Stored records
==*==

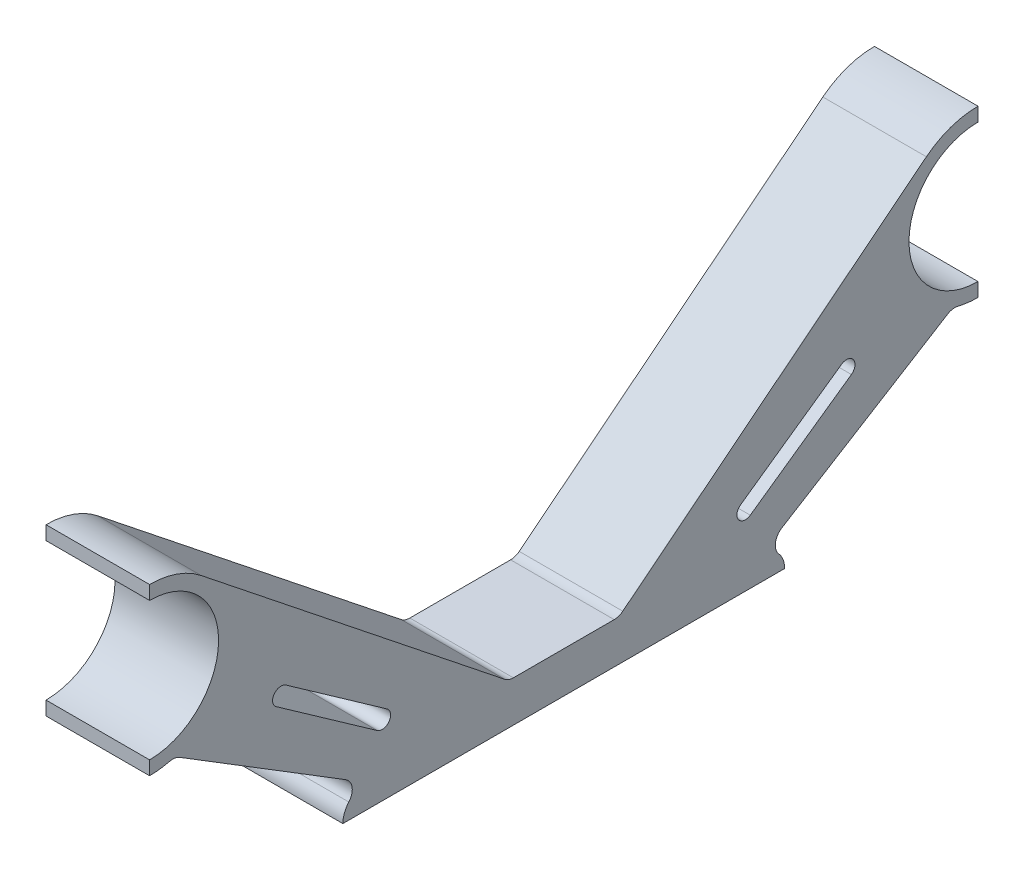
from build123d import *

# Parameters (mm, degrees)
ESTRUSIONE_ESTRUSIONE1_DEPTH = 3.75
RACCORDO2_R                  = 1


with BuildPart() as part:
    # Schizzo1 → Estrusione-Estrusione1 (new body, symmetric)
    with BuildSketch(Plane(origin=(0, 0, 0), x_dir=(0, 0, -1), z_dir=(1, 0, 0))):
        with BuildLine():
            Line((-30, 22), (-30, 21))
            ThreePointArc((-30, 21), (-25, 16), (-30, 11))
            Line((-30, 11), (-30, 10))
            ThreePointArc((-30, 10), (-29.075946517, 10.07158325), (-28.173941951, 10.284624946))
            Line((-28.173941951, 10.284624946), (-14.279791844, 1.720208156))
            ThreePointArc((-14.279791844, 1.720208156), (-15.496162696, 1.216370852), (-16, 0))
            Line((-16, 0), (16, 0))
            ThreePointArc((16, 0), (15.496162696, 1.216370852), (14.279791844, 1.720208156))
            Line((14.279791844, 1.720208156), (28.173941951, 10.284624946))
            ThreePointArc((28.173941951, 10.284624946), (29.075946517, 10.07158325), (30, 10))
            Line((30, 10), (30, 11))
            ThreePointArc((30, 11), (25, 16), (30, 21))
            Line((30, 21), (30, 22))
            ThreePointArc((30, 22), (28.020680207, 21.664123335), (26.262962858, 20.694097719))
            Line((26.262962858, 20.694097719), (4, 2.970240215))
            Line((4, 2.970240215), (-4, 2.970240215))
            Line((-4, 2.970240215), (-26.262962858, 20.694097719))
            ThreePointArc((-26.262962858, 20.694097719), (-28.020680207, 21.664123335), (-30, 22))
        make_face()
        with BuildLine():
            Line((-20.125796974, 10.754754637), (-12.80100478, 5.593685162))
            ThreePointArc((-12.80100478, 5.593685162), (-12.653117343, 4.740293889), (-13.506508616, 4.592406452))
            Line((-13.506508616, 4.592406452), (-20.83130081, 9.753475926))
            ThreePointArc((-20.83130081, 9.753475926), (-20.979188247, 10.606867199), (-20.125796974, 10.754754637))
        make_face(mode=Mode.SUBTRACT)
        with BuildLine():
            Line((20.125796974, 10.754754637), (12.80100478, 5.593685162))
            ThreePointArc((12.80100478, 5.593685162), (12.653117343, 4.740293889), (13.506508616, 4.592406452))
            Line((13.506508616, 4.592406452), (20.83130081, 9.753475926))
            ThreePointArc((20.83130081, 9.753475926), (20.979188247, 10.606867199), (20.125796974, 10.754754637))
        make_face(mode=Mode.SUBTRACT)
    extrude(amount=ESTRUSIONE_ESTRUSIONE1_DEPTH, both=True)

    # Raccordo2
    raccordo2_edges = [part.edges().sort_by_distance(p)[0] for p in [
        (0, 2.970240215, 4),
        (0, 2.970240215, -4),
        (0, 10.284624946, -28.173941951),
        (0, 1.720208156, -14.279791844),
        (0, 1.720208156, 14.279791844),
        (0, 10.284624946, 28.173941951),
    ]]
    fillet(raccordo2_edges, radius=RACCORDO2_R)


solid = part.part
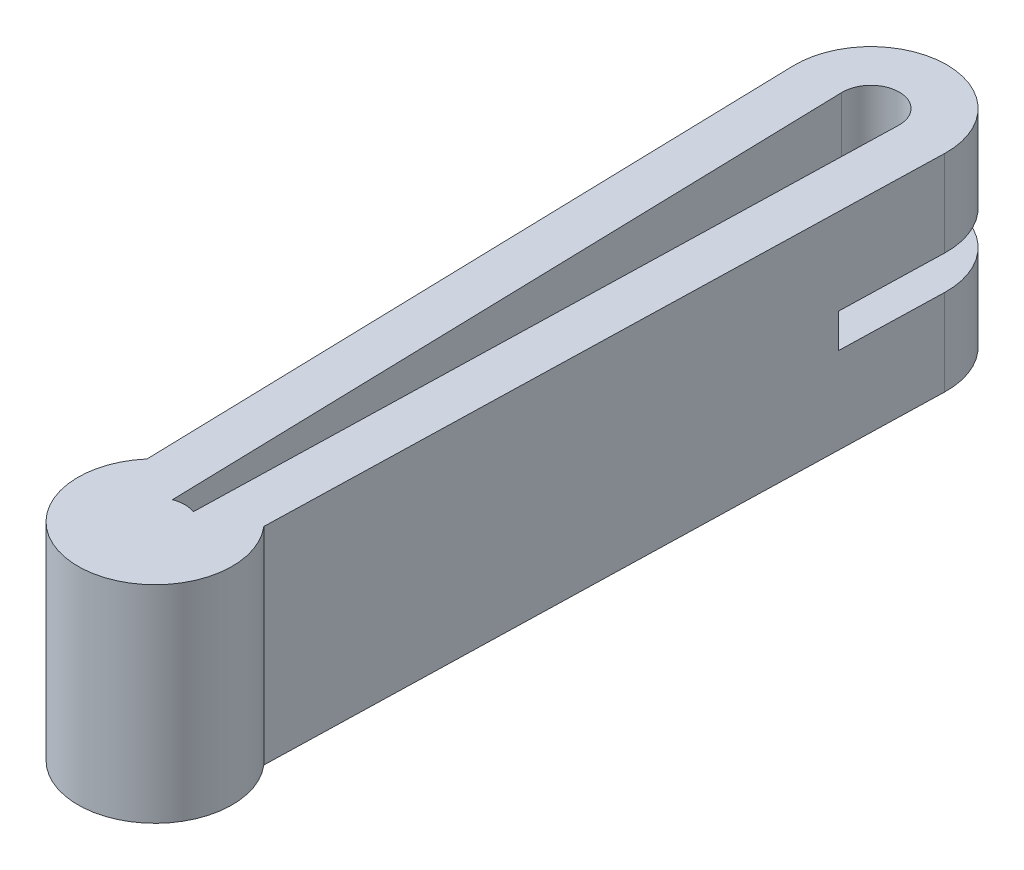
from build123d import *

# Parameters (mm, degrees)
BOSS_EXTRUDE1_DEPTH = 27.686
SKETCH2_W           = 29.921903197
SKETCH2_H           = 4.572
CUT_EXTRUDE1_DEPTH  = 13.843
SKETCH3_OUTSIDE_W   = 46.952
SKETCH3_OUTSIDE_H   = 142.689
CUT_EXTRUDE2_DEPTH  = 27.686


with BuildPart() as part:
    # Sketch1 → Boss-Extrude1 (new body)
    with BuildSketch(Plane(origin=(0, 0, 0), x_dir=(1, 0, 0), z_dir=(0, 1, 0))):
        with BuildLine():
            Line((-10.156518422, -0.265957795), (-7.828589994, -89.165957795))
            ThreePointArc((-7.828589994, -89.165957795), (0, -106.245464925), (7.828589994, -89.165957795))
            Line((7.828589994, -89.165957795), (10.156518422, -0.265957795))
            ThreePointArc((10.156518422, -0.265957795), (0, 10.16), (-10.156518422, -0.265957795))
        make_face()
    extrude(amount=BOSS_EXTRUDE1_DEPTH)

    # Sketch2 → Cut-Extrude1 (cut, symmetric)
    with BuildSketch(Plane(origin=(0, 0, 0.265957795), x_dir=(-1, 0, 0), z_dir=(0, 0, -1))):
        with Locations((1.107435291, 13.843)):
            Rectangle(SKETCH2_W, SKETCH2_H)
    extrude(amount=CUT_EXTRUDE1_DEPTH, both=True, mode=Mode.SUBTRACT)

    # Sketch3 outside → Cut-Extrude2 (cut)
    with BuildSketch(Plane.XZ):
        with Locations((0, 48.0425)):
            Rectangle(SKETCH3_OUTSIDE_W, SKETCH3_OUTSIDE_H)
        with BuildLine():
            Line((10.156518422, 0.265957795), (7.828589994, 89.165957795))
            ThreePointArc((7.828589994, 89.165957795), (0, 106.245464925), (-7.828589994, 89.165957795))
            Line((-7.828589994, 89.165957795), (-10.156518422, 0.265957795))
            ThreePointArc((-10.156518422, 0.265957795), (0, -10.16), (10.156518422, 0.265957795))
        make_face(mode=Mode.SUBTRACT)
        with BuildLine():
            Line((-1.397467487, 92.180775304), (-3.808694408, 0.099734173))
            ThreePointArc((-3.808694408, 0.099734173), (0, -3.81), (3.808694408, 0.099734173))
            Line((3.808694408, 0.099734173), (1.397467487, 92.180775304))
            ThreePointArc((1.397467487, 92.180775304), (0, 91.927632861), (-1.397467487, 92.180775304))
        make_face()
    extrude(amount=-CUT_EXTRUDE2_DEPTH, mode=Mode.SUBTRACT)


solid = part.part
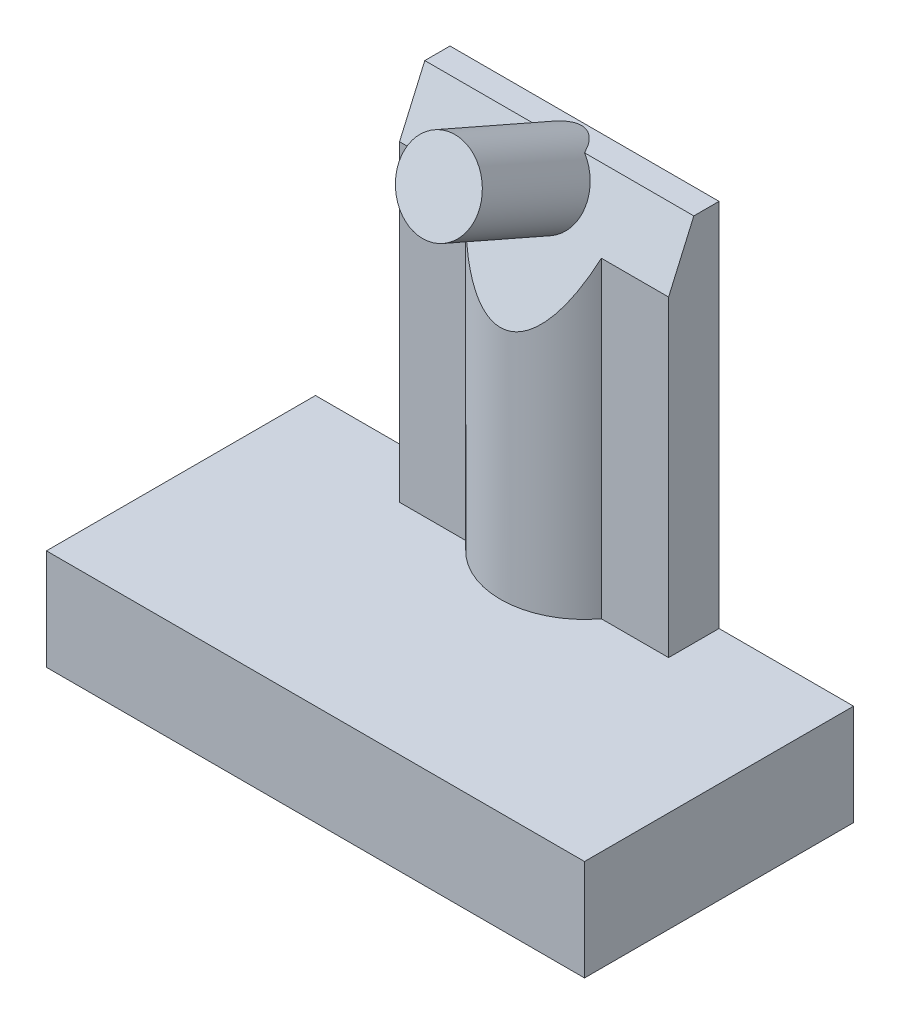
from build123d import *

# Parameters (mm, degrees)
SKETCH1_W                       = 16
SKETCH1_H                       = 8
BOSS_EXTRUDE1_DEPTH             = 3
SHELL1_T                        = -1
SKETCH2_R                       = 1.5
SKETCH2_R_2                     = 0.8
BOSS_EXTRUDE2_DEPTH             = 2
BOSS_EXTRUDE3_DEPTH             = 11
CUT_EXTRUDE1_DEPTH              = 19.867962264
BOSS_EXTRUDE4_REACH             = 18.513
SKETCH5_R                       = 1.2
BOSS_EXTRUDE4_DIRECTION_2_DEPTH = 3.5


with BuildPart() as part:
    # Sketch1 → Boss-Extrude1 (new body)
    with BuildSketch(Plane(origin=(0, 0, 0), x_dir=(1, 0, 0), z_dir=(0, 1, 0))):
        Rectangle(SKETCH1_W, SKETCH1_H)
    extrude(amount=BOSS_EXTRUDE1_DEPTH)

    # Shell1
    shell1_openings = [part.faces().sort_by_distance(p)[0] for p in [
        (0, 0, 0),
    ]]
    offset(amount=SHELL1_T, openings=shell1_openings, kind=Kind.INTERSECTION)

    # Sketch2 → Boss-Extrude2 (add)
    with BuildSketch(Plane.XZ.offset(-2)):
        Circle(SKETCH2_R)
        Circle(SKETCH2_R_2, mode=Mode.SUBTRACT)
    extrude(amount=BOSS_EXTRUDE2_DEPTH)

    # Sketch3 → Boss-Extrude3 (add)
    with BuildSketch(Plane(origin=(0, 3, 0), x_dir=(1, 0, 0), z_dir=(0, 1, 0))):
        with BuildLine():
            Line((-4, 4), (4, 4))
            Line((4, 4), (4, 2.5))
            Line((4, 2.5), (2, 2.5))
            ThreePointArc((2, 2.5), (0, 1.5), (-2, 2.5))
            Line((-2, 2.5), (-4, 2.5))
            Line((-4, 2.5), (-4, 4))
        make_face()
    extrude(amount=BOSS_EXTRUDE3_DEPTH)

    # Sketch4 → Cut-Extrude1 (cut, through all)
    with BuildSketch(Plane(origin=(4, 0, 0), x_dir=(0, 0, -1), z_dir=(1, 0, 0))):
        Polygon((3.25, 14), (1.5, 14), (1.5, 10), align=None)
    extrude(amount=-CUT_EXTRUDE1_DEPTH, mode=Mode.SUBTRACT)

    # Sketch5 → Boss-Extrude4 (add, up to next)
    with BuildSketch(Plane(origin=(0, 1.055737705, 2.413114754), x_dir=(1, 0, 0), z_dir=(0, 0.40081883401970764, 0.9161573349021892)), mode=Mode.PRIVATE) as boss_extrude4_sk1:
        with Locations((0, 13.193279121)):
            Circle(SKETCH5_R)
    boss_extrude4_tool1 = extrude(boss_extrude4_sk1.sketch, amount=-BOSS_EXTRUDE4_REACH, mode=Mode.PRIVATE) - part.part
    add(boss_extrude4_tool1.solids().sort_by_distance((0, 13.142857, -2.875))[0])

    # Sketch5 → Boss-Extrude4 direction 2 (add)
    with BuildSketch(Plane(origin=(0, 1.055737705, 2.413114754), x_dir=(1, 0, 0), z_dir=(0, 0.40081883401970764, 0.9161573349021892))):
        with Locations((0, 13.193279121)):
            Circle(SKETCH5_R)
    extrude(amount=BOSS_EXTRUDE4_DIRECTION_2_DEPTH)


solid = part.part
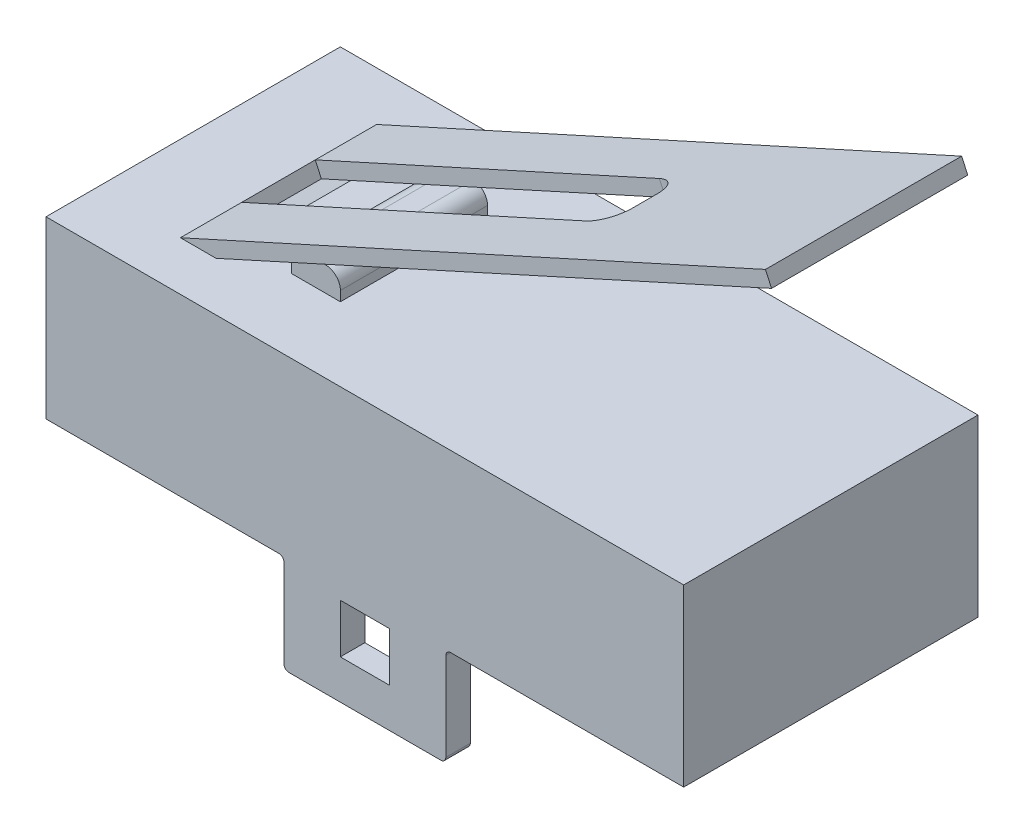
from build123d import *

# Parameters (mm, degrees)
SCHIZZO1_W                   = 13
SCHIZZO1_H                   = 3.57
ESTRUSIONE_ESTRUSIONE1_DEPTH = 6
SCHIZZO3_W                   = 3.3
SCHIZZO3_H                   = 0.5
ESTRUSIONE_ESTRUSIONE2_DEPTH = 2
RACCORDO1_R                  = 0.1
SCHIZZO4_W                   = 1
SCHIZZO4_H                   = 1
TAGLIO_ESTRUSIONE1_DEPTH     = 7
SCHIZZO5_W                   = 1.001424396
SCHIZZO5_H                   = 3
ESTRUSIONE_ESTRUSIONE3_DEPTH = 0.5
RACCORDO2_R                  = 0.3
ESTRUSIONE_ESTRUSIONE4_DEPTH = 4
TAGLIO_ESTRUSIONE2_DEPTH     = 0.3


with BuildPart() as part:
    # Schizzo1 → Estrusione-Estrusione1 (new body)
    with BuildSketch(Plane.XY):
        Rectangle(SCHIZZO1_W, SCHIZZO1_H)
    extrude(amount=ESTRUSIONE_ESTRUSIONE1_DEPTH)

    # Schizzo3 → Estrusione-Estrusione2 (add)
    with BuildSketch(Plane.XZ.offset(1.785)):
        with Locations((0, 5.75)):
            Rectangle(SCHIZZO3_W, SCHIZZO3_H)
        with Locations((0, 0.25)):
            Rectangle(SCHIZZO3_W, SCHIZZO3_H)
    extrude(amount=ESTRUSIONE_ESTRUSIONE2_DEPTH)

    # Raccordo1
    raccordo1_edges = [part.edges().sort_by_distance(p)[0] for p in [
        (1.65, -3.785, 0.25),
        (-1.65, -3.785, 0.25),
        (-1.65, -3.785, 5.75),
        (1.65, -3.785, 5.75),
        (-1.65, -1.785, 0.25),
        (1.65, -1.785, 0.25),
        (-1.65, -1.785, 5.75),
        (1.65, -1.785, 5.75),
    ]]
    fillet(raccordo1_edges, radius=RACCORDO1_R)

    # Schizzo4 → Taglio-Estrusione1 (cut, through all)
    with BuildSketch(Plane.XY.offset(6)):
        with Locations((0, -2.485)):
            Rectangle(SCHIZZO4_W, SCHIZZO4_H)
    extrude(amount=-TAGLIO_ESTRUSIONE1_DEPTH, mode=Mode.SUBTRACT)

    # Schizzo5 → Estrusione-Estrusione3 (add)
    with BuildSketch(Plane(origin=(0, 1.785, 0), x_dir=(1, 0, 0), z_dir=(0, 1, 0))):
        with Locations((-2.499287802, -3)):
            Rectangle(SCHIZZO5_W, SCHIZZO5_H)
    extrude(amount=ESTRUSIONE_ESTRUSIONE3_DEPTH)

    # Raccordo2
    raccordo2_edges = [part.edges().sort_by_distance(p)[0] for p in [
        (-3, 2.285, 3),
        (-1.998575604, 2.285, 3),
    ]]
    fillet(raccordo2_edges, radius=RACCORDO2_R)

    # Schizzo7 → Estrusione-Estrusione4 (add)
    with BuildSketch(Plane.XY.offset(5)):
        Polygon((-5.428309071, 1.15280402), (7.290989084, 6.916004863), (7.167174091, 7.189262704), (-5.552124064, 1.42606186), align=None)
    extrude(amount=-ESTRUSIONE_ESTRUSIONE4_DEPTH)

    # Schizzo8 → Taglio-Estrusione2 (cut)
    with BuildSketch(Plane(origin=(-1.481816175, 3.270346158, 0), x_dir=(0.910859468, 0.412716645, 0), z_dir=(-0.412716645, 0.910859468, 0))):
        with BuildLine():
            Line((-3.598949006, -2.25), (4.101050994, -2.25))
            ThreePointArc((4.101050994, -2.25), (4.454604385, -2.396446609), (4.601050994, -2.75))
            Line((4.601050994, -2.75), (4.601050994, -3.25))
            ThreePointArc((4.601050994, -3.25), (4.454604385, -3.603553391), (4.101050994, -3.75))
            Line((4.101050994, -3.75), (-3.598949006, -3.75))
            Line((-3.598949006, -3.75), (-3.598949006, -2.25))
        make_face()
    extrude(amount=-TAGLIO_ESTRUSIONE2_DEPTH, mode=Mode.SUBTRACT)


solid = part.part

==*==

The lines above, starting at the one with "1.216370852), (14.279791844, 1.720208156))" and ending at the one with "21.664123335), (-30, 22))", are the only ones to return, exactly as written.

Output of the task
            ThreePointArc((16, 0), (15.496162696, 1.216370852), (14.279791844, 1.720208156))
            Line((14.279791844, 1.720208156), (28.173941951, 10.284624946))
            ThreePointArc((28.173941951, 10.284624946), (29.075946517, 10.07158325), (30, 10))
            Line((30, 10), (30, 11))
            ThreePointArc((30, 11), (25, 16), (30, 21))
            Line((30, 21), (30, 22))
            ThreePointArc((30, 22), (28.020680207, 21.664123335), (26.262962858, 20.694097719))
            Line((26.262962858, 20.694097719), (4, 2.970240215))
            Line((4, 2.970240215), (-4, 2.970240215))
            Line((-4, 2.970240215), (-26.262962858, 20.694097719))
            ThreePointArc((-26.262962858, 20.694097719), (-28.020680207, 21.664123335), (-30, 22))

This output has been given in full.